:: ACTIVITY ::
Every entry is to be returned exactly as it stands; the pictures are to be dropped.

:: Items from a dataset ::

══════

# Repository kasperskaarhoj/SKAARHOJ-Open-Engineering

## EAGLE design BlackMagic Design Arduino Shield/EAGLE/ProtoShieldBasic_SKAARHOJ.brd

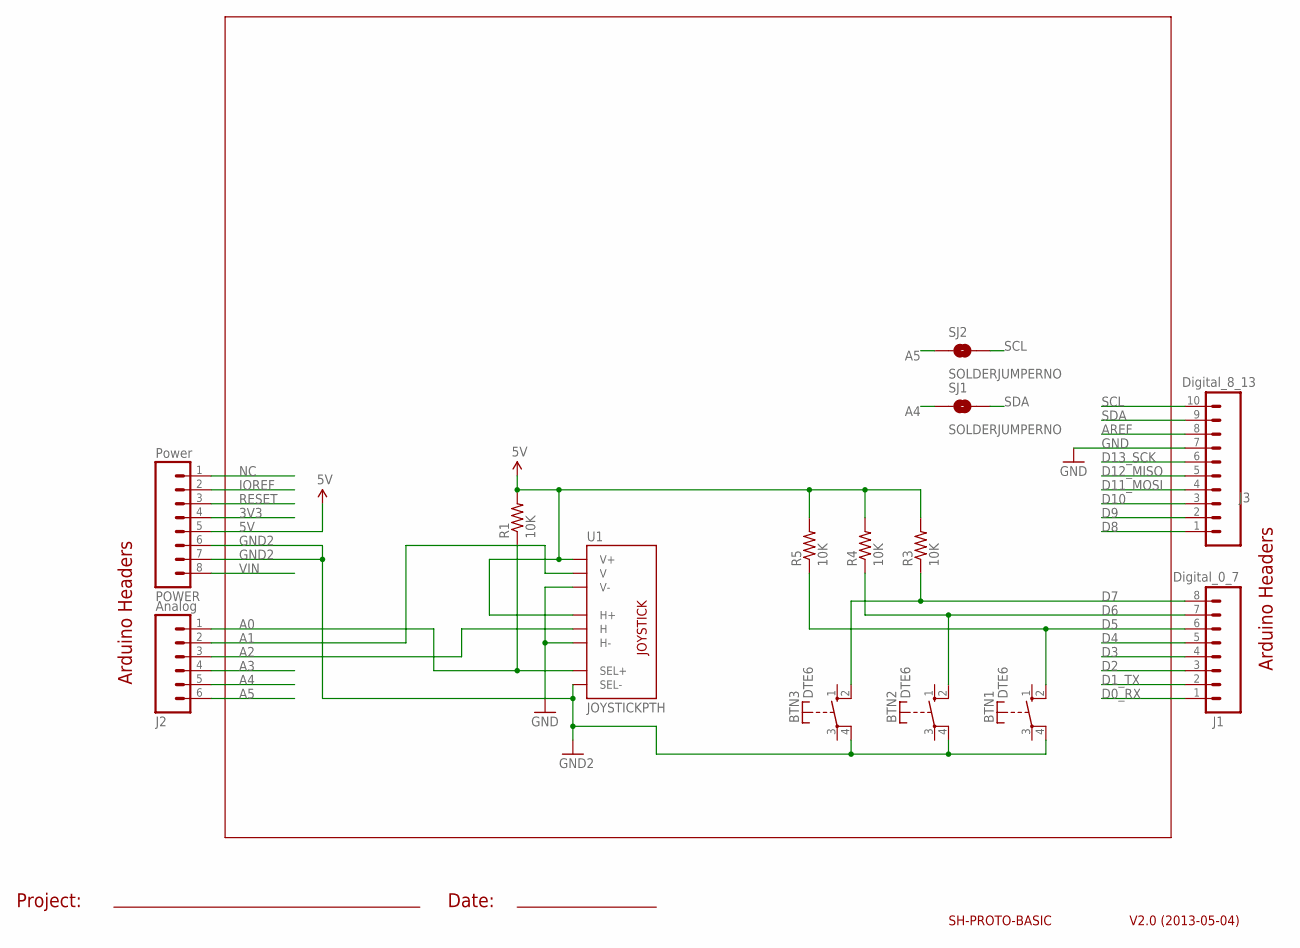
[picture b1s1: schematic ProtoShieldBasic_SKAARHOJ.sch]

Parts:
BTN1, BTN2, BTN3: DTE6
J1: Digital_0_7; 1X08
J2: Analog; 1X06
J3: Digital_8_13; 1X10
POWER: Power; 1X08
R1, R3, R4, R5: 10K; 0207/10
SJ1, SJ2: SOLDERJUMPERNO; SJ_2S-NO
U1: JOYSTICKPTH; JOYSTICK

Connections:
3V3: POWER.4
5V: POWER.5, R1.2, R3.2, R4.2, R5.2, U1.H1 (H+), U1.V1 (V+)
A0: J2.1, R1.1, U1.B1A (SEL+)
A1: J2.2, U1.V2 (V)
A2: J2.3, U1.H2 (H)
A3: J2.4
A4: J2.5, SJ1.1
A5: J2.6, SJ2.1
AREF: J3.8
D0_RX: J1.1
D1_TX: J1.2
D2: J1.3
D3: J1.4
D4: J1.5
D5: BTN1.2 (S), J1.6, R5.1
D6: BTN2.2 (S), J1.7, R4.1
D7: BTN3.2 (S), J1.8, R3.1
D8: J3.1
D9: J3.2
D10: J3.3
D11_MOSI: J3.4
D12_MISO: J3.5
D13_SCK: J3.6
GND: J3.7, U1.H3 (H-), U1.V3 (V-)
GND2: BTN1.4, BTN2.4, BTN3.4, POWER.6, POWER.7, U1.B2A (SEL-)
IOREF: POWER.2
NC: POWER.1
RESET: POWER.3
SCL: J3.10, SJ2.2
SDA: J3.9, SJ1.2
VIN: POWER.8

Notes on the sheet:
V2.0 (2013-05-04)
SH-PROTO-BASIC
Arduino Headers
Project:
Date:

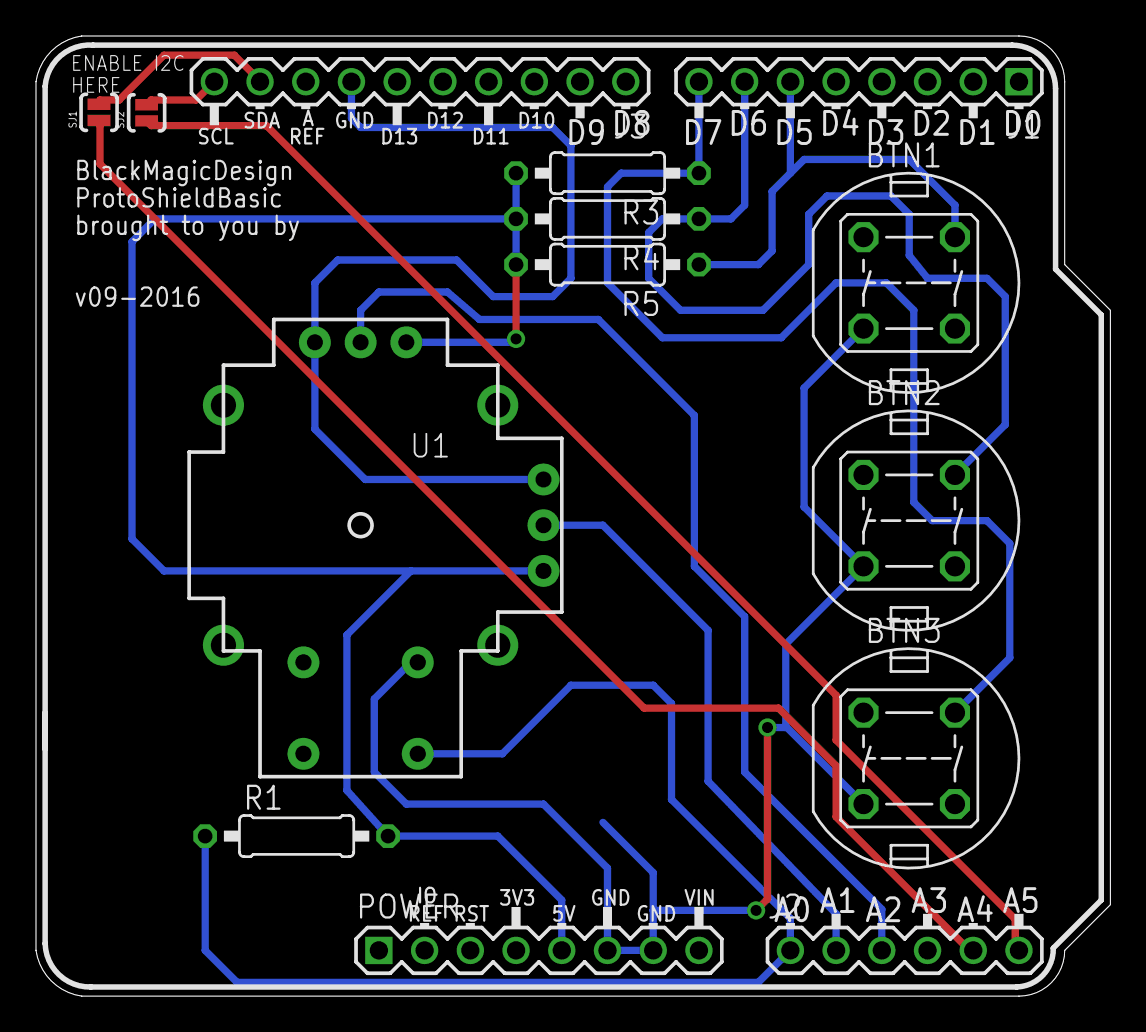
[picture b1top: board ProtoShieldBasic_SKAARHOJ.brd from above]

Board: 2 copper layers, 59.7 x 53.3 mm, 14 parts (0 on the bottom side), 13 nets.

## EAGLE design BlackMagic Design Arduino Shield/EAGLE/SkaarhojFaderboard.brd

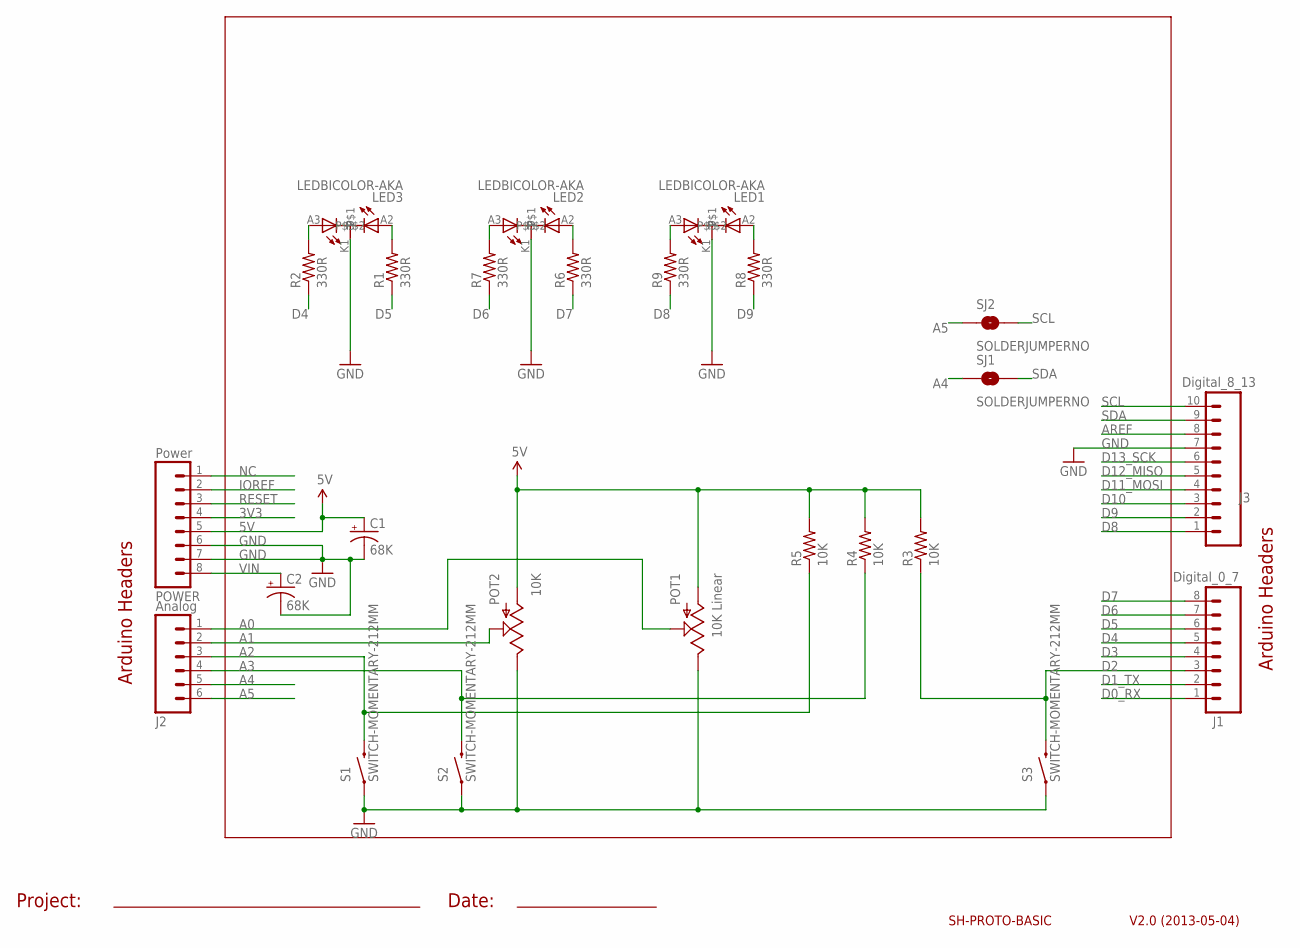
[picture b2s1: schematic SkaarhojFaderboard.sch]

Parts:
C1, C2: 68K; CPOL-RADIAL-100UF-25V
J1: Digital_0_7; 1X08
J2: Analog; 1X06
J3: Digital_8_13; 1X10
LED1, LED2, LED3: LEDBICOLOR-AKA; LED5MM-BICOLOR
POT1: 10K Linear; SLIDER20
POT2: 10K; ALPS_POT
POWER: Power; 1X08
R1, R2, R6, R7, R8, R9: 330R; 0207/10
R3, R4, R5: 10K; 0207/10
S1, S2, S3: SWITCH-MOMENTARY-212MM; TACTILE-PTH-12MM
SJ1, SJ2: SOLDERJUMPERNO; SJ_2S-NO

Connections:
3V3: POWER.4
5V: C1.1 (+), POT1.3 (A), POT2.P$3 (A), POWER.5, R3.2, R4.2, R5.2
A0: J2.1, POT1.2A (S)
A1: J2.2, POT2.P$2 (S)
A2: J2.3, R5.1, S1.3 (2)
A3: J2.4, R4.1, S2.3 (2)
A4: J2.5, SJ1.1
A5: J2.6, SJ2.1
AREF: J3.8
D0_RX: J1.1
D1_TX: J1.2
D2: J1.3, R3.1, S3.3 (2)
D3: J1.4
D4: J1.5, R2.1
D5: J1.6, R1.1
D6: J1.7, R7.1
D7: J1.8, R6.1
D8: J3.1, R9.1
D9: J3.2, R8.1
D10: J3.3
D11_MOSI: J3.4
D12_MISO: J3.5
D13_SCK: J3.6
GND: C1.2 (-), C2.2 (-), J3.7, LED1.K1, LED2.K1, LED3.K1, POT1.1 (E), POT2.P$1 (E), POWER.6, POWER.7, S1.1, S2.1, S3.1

══════

:: YOUR RESPONSE ::
# Repository kasperskaarhoj/SKAARHOJ-Open-Engineering

## EAGLE design BlackMagic Design Arduino Shield/EAGLE/ProtoShieldBasic_SKAARHOJ.brd

[picture b1s1: schematic ProtoShieldBasic_SKAARHOJ.sch]

Parts:
BTN1, BTN2, BTN3: DTE6
J1: Digital_0_7; 1X08
J2: Analog; 1X06
J3: Digital_8_13; 1X10
POWER: Power; 1X08
R1, R3, R4, R5: 10K; 0207/10
SJ1, SJ2: SOLDERJUMPERNO; SJ_2S-NO
U1: JOYSTICKPTH; JOYSTICK

Connections:
3V3: POWER.4
5V: POWER.5, R1.2, R3.2, R4.2, R5.2, U1.H1 (H+), U1.V1 (V+)
A0: J2.1, R1.1, U1.B1A (SEL+)
A1: J2.2, U1.V2 (V)
A2: J2.3, U1.H2 (H)
A3: J2.4
A4: J2.5, SJ1.1
A5: J2.6, SJ2.1
AREF: J3.8
D0_RX: J1.1
D1_TX: J1.2
D2: J1.3
D3: J1.4
D4: J1.5
D5: BTN1.2 (S), J1.6, R5.1
D6: BTN2.2 (S), J1.7, R4.1
D7: BTN3.2 (S), J1.8, R3.1
D8: J3.1
D9: J3.2
D10: J3.3
D11_MOSI: J3.4
D12_MISO: J3.5
D13_SCK: J3.6
GND: J3.7, U1.H3 (H-), U1.V3 (V-)
GND2: BTN1.4, BTN2.4, BTN3.4, POWER.6, POWER.7, U1.B2A (SEL-)
IOREF: POWER.2
NC: POWER.1
RESET: POWER.3
SCL: J3.10, SJ2.2
SDA: J3.9, SJ1.2
VIN: POWER.8

Notes on the sheet:
V2.0 (2013-05-04)
SH-PROTO-BASIC
Arduino Headers
Project:
Date:

[picture b1top: board ProtoShieldBasic_SKAARHOJ.brd from above]

Board: 2 copper layers, 59.7 x 53.3 mm, 14 parts (0 on the bottom side), 13 nets.

## EAGLE design BlackMagic Design Arduino Shield/EAGLE/SkaarhojFaderboard.brd

[picture b2s1: schematic SkaarhojFaderboard.sch]

Parts:
C1, C2: 68K; CPOL-RADIAL-100UF-25V
J1: Digital_0_7; 1X08
J2: Analog; 1X06
J3: Digital_8_13; 1X10
LED1, LED2, LED3: LEDBICOLOR-AKA; LED5MM-BICOLOR
POT1: 10K Linear; SLIDER20
POT2: 10K; ALPS_POT
POWER: Power; 1X08
R1, R2, R6, R7, R8, R9: 330R; 0207/10
R3, R4, R5: 10K; 0207/10
S1, S2, S3: SWITCH-MOMENTARY-212MM; TACTILE-PTH-12MM
SJ1, SJ2: SOLDERJUMPERNO; SJ_2S-NO

Connections:
3V3: POWER.4
5V: C1.1 (+), POT1.3 (A), POT2.P$3 (A), POWER.5, R3.2, R4.2, R5.2
A0: J2.1, POT1.2A (S)
A1: J2.2, POT2.P$2 (S)
A2: J2.3, R5.1, S1.3 (2)
A3: J2.4, R4.1, S2.3 (2)
A4: J2.5, SJ1.1
A5: J2.6, SJ2.1
AREF: J3.8
D0_RX: J1.1
D1_TX: J1.2
D2: J1.3, R3.1, S3.3 (2)
D3: J1.4
D4: J1.5, R2.1
D5: J1.6, R1.1
D6: J1.7, R7.1
D7: J1.8, R6.1
D8: J3.1, R9.1
D9: J3.2, R8.1
D10: J3.3
D11_MOSI: J3.4
D12_MISO: J3.5
D13_SCK: J3.6
GND: C1.2 (-), C2.2 (-), J3.7, LED1.K1, LED2.K1, LED3.K1, POT1.1 (E), POT2.P$1 (E), POWER.6, POWER.7, S1.1, S2.1, S3.1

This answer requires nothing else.